Winnie the Pooh famously said: “Doing nothing leads to doing something.” Contrary to what most people believe, dreaming is not an idle activity. Whether we realize it or not, we are living in a spiritual soup of energy containing many layers of experience and knowing that we can access if we are able to quiet our inner worlds to listen. Dreaming is a vital practice for our time. The world we’ve created collectively as humans is in chaos. If dreaming unconsciously is how we created this mess, dreaming consciously–aware of the impact our thoughts, feelings, and actions are having on the dreaming matrix–is what will begin to turn around the reality we’ve created. The solutions to these problems are not outside of ourselves where we normally look to resolve issues: they are inside of us, accessed through our ever-present connection with the spiritual matrix of life.

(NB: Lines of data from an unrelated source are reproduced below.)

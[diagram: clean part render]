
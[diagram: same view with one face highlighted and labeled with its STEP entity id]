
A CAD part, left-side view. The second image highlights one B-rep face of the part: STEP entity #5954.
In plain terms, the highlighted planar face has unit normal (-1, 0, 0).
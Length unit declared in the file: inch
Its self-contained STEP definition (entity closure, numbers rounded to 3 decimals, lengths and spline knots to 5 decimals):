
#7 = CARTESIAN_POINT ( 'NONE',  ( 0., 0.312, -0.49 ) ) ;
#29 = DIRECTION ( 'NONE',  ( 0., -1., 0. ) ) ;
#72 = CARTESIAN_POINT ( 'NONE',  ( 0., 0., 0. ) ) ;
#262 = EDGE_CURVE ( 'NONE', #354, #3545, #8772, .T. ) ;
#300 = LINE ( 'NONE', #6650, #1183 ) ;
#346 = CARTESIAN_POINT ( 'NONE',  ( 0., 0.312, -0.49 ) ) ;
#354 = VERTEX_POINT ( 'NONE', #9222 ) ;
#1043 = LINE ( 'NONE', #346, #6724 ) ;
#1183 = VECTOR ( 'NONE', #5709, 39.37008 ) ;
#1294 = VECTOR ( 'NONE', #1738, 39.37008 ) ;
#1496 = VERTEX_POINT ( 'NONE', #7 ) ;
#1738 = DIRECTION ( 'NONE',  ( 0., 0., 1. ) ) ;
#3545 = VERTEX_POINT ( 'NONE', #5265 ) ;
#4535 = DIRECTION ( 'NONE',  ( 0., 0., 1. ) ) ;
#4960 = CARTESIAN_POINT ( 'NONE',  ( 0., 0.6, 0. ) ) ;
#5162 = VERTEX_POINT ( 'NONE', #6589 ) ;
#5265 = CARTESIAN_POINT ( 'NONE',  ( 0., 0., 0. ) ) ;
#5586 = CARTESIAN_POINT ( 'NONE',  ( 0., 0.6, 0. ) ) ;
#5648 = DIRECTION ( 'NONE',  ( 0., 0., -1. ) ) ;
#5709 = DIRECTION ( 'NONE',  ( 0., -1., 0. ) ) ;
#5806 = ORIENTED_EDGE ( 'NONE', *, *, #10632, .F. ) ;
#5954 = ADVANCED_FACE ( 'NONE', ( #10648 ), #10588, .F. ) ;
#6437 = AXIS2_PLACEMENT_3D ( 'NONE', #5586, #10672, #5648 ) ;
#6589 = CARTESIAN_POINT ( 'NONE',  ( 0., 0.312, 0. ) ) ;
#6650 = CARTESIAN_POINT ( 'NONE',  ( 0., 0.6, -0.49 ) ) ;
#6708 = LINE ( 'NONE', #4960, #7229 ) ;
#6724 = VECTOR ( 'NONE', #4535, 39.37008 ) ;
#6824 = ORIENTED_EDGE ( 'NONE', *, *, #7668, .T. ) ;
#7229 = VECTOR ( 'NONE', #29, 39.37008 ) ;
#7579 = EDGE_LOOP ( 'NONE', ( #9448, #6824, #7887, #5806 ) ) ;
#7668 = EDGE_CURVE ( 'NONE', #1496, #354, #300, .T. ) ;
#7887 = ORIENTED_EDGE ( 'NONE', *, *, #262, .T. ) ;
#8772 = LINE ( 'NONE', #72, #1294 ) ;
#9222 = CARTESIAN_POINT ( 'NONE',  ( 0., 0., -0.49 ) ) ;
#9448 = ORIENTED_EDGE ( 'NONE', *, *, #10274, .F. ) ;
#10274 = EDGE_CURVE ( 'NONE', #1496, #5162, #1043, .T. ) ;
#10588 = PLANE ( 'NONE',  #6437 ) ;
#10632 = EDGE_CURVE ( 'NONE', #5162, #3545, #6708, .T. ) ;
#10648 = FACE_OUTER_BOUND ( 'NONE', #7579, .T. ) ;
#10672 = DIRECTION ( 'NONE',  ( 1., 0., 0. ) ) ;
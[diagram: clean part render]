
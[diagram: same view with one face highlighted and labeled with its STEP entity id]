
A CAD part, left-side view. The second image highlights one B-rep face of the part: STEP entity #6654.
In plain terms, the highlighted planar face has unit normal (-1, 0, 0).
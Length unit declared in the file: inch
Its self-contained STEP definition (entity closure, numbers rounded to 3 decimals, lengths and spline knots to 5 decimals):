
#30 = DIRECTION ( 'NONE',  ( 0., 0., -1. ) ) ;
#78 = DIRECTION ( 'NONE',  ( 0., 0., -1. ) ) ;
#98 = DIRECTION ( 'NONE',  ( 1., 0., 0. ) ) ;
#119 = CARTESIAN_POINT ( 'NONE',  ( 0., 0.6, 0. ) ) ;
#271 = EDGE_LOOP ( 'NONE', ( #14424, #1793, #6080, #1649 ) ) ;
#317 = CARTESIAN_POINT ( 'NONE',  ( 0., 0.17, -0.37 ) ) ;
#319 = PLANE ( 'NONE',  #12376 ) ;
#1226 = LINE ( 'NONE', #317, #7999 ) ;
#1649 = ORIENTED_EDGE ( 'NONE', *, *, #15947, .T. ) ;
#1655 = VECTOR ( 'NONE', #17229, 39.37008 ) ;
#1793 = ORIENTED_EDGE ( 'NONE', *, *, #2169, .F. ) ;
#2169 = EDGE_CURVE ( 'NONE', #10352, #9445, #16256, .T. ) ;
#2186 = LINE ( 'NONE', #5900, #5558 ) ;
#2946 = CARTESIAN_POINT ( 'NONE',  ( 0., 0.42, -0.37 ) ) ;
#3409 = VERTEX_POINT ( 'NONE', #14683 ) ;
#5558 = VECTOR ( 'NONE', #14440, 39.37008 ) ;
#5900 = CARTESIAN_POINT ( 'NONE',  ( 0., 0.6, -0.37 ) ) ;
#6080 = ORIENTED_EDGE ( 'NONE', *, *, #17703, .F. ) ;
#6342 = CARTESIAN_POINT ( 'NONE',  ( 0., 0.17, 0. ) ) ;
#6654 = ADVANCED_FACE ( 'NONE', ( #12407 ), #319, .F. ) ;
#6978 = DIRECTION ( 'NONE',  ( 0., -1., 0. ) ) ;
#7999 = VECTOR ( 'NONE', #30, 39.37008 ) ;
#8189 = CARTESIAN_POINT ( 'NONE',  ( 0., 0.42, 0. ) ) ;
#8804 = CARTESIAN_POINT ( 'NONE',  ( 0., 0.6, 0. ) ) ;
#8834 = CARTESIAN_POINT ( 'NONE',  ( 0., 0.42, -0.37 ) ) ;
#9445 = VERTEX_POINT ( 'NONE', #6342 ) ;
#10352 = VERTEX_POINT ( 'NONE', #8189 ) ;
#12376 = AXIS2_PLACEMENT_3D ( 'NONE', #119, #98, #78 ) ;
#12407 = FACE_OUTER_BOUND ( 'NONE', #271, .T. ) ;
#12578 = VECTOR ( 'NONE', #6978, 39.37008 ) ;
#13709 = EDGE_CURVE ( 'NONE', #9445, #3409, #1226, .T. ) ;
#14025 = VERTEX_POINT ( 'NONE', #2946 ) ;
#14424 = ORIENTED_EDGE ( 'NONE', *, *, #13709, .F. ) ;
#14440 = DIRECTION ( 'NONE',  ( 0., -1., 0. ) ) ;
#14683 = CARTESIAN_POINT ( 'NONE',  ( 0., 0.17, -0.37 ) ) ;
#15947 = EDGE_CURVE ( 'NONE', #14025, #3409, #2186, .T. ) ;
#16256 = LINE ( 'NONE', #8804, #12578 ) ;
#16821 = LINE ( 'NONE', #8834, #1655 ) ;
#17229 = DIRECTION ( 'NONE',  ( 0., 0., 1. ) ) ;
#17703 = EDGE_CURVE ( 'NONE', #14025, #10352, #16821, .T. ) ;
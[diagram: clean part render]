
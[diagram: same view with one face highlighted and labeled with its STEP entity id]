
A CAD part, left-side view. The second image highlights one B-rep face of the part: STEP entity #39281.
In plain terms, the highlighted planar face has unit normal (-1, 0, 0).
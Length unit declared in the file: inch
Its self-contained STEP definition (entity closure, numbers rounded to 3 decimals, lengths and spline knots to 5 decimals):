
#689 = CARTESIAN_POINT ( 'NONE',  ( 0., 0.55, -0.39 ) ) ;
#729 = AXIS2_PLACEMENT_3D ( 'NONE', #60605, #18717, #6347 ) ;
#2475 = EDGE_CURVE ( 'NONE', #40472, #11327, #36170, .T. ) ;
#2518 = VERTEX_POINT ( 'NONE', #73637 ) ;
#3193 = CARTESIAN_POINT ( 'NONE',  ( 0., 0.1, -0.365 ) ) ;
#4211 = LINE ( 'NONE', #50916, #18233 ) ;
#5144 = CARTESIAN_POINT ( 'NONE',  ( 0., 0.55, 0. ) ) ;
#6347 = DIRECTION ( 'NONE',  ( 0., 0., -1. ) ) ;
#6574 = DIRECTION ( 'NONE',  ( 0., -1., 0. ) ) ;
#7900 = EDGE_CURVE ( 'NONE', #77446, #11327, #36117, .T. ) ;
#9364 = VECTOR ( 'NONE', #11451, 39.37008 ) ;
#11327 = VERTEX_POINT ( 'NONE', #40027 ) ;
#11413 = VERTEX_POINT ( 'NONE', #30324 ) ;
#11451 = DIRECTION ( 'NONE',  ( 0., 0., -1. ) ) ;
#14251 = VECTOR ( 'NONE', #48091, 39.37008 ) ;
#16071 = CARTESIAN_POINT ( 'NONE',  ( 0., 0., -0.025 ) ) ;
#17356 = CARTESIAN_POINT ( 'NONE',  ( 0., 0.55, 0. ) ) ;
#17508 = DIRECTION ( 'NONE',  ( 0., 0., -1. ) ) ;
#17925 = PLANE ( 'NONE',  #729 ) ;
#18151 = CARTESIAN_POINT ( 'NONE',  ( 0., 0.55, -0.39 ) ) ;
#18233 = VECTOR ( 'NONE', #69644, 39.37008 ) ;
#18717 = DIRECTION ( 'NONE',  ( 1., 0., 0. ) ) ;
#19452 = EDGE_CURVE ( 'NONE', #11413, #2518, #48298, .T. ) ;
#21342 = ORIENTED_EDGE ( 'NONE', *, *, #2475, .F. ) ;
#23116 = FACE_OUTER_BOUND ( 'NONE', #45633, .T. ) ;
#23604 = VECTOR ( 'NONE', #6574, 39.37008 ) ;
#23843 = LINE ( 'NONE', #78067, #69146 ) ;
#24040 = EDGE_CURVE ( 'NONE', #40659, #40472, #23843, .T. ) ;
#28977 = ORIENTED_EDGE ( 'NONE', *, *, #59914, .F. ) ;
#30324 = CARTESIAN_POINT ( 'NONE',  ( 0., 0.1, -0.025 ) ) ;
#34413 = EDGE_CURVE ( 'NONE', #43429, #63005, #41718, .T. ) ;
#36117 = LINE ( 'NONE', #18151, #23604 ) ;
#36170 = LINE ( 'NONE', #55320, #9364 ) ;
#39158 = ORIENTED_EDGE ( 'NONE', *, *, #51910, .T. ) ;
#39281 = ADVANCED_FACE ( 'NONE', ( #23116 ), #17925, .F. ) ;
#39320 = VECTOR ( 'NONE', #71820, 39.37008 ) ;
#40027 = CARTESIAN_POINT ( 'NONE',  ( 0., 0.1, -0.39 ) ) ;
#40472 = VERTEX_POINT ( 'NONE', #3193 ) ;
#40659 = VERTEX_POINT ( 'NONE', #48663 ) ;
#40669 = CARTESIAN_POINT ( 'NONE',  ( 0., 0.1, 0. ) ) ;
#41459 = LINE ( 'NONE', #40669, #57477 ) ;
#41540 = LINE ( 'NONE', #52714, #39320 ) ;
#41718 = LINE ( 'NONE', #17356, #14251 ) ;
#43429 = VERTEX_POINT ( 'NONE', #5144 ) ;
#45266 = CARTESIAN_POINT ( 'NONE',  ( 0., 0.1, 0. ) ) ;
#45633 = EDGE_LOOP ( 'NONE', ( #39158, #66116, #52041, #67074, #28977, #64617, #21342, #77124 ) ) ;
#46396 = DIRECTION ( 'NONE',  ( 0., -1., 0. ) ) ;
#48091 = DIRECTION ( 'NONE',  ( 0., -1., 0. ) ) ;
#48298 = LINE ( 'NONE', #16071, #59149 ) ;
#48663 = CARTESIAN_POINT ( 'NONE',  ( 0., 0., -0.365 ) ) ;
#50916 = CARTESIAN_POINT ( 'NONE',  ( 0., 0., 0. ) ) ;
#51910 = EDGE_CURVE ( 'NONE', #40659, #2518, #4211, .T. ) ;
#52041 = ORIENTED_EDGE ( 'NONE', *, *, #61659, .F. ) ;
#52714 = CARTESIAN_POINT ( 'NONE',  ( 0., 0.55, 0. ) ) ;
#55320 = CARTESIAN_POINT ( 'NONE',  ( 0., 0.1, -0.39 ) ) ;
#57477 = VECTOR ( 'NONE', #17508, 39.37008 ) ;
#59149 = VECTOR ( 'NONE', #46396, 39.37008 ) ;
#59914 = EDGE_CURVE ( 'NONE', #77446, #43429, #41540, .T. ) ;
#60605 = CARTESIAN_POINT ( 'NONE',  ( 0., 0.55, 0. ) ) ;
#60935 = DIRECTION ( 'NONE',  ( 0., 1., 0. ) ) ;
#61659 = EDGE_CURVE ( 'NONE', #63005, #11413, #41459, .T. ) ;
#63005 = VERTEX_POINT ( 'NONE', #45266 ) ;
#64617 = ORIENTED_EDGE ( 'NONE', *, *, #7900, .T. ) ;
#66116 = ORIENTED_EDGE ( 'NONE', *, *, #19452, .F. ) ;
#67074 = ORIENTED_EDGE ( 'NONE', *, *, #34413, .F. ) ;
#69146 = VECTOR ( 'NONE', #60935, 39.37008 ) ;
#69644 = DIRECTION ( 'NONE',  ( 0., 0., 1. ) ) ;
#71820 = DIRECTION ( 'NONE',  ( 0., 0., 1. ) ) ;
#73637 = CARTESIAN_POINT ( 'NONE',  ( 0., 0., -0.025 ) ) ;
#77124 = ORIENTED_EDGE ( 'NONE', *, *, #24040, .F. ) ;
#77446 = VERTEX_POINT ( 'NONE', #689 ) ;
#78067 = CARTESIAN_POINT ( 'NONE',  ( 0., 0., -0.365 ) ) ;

While shamanic dreaming might sound like a New Age fad to some, this practice is, in fact, ancient and known to shamanic practitioners throughout the world. To give you a flavor of what this practice is about, I offer an Incan perspective by Alberto Villoldo on dreaming from his article “How Shamans Dream the World into Being”:

Whether you realize it or not, we are all dreaming the world into being. What we’re engaging in is not the sleeping dream we’re familiar with, but the waking dream we craft with our eyes open. When we’re unaware that we all share the power to co-create reality with the help of the Universe itself, that power slips away from us and our dream turns into a nightmare. We begin to feel we’re the victims of an unknown and frightening creation that we’re unable to influence or change. Events seem to control us and trap us. The only way to end this dreadful reality is to awaken to the fact that it, too, is a dream, and recognize our ability to write a better story, one that the Universe will work with us to manifest. The nature of the cosmos is such that whatever dream you have about yourself and the world will become reality. As soon as you awaken to your power to dream, you begin to flex the muscles of your courage. Then you can dream bravely: letting go of your limiting beliefs and pushing past your fears. You can begin to create truly original dreams that germinate in your soul and bear fruit in your life.

What Villoldo describes here takes practice; just like any other skill, we must re-learn dreaming by putting our attention on it again. We live in a busy outer world. We inadvertently train the natural ability to dream out of our children when we tell them they don’t have time to dream, play, or rest. We keep them overscheduled and overtired in a continuous stream of doing so that there is no time for being. If we want to find the treasures hidden in our inner worlds, we must slow down, quiet ourselves and really listen deeply with our whole beings. This is why the world’s spiritual systems have built in practices that train reflection into our harried lives. Introspection takes us into the heart of dreaming. These reflective practices are the things people do every day to consciously interact with the spiritual aspect of life in order to learn more about the sacredness of living and their place within the Dream of Life. In order to connect with the spiritual aspect of the world around us, spiritual practices are embedded into daily living so they become habits as natural as brushing our teeth every day. Practicing spiritual hygiene is just as important as that of the physical variety.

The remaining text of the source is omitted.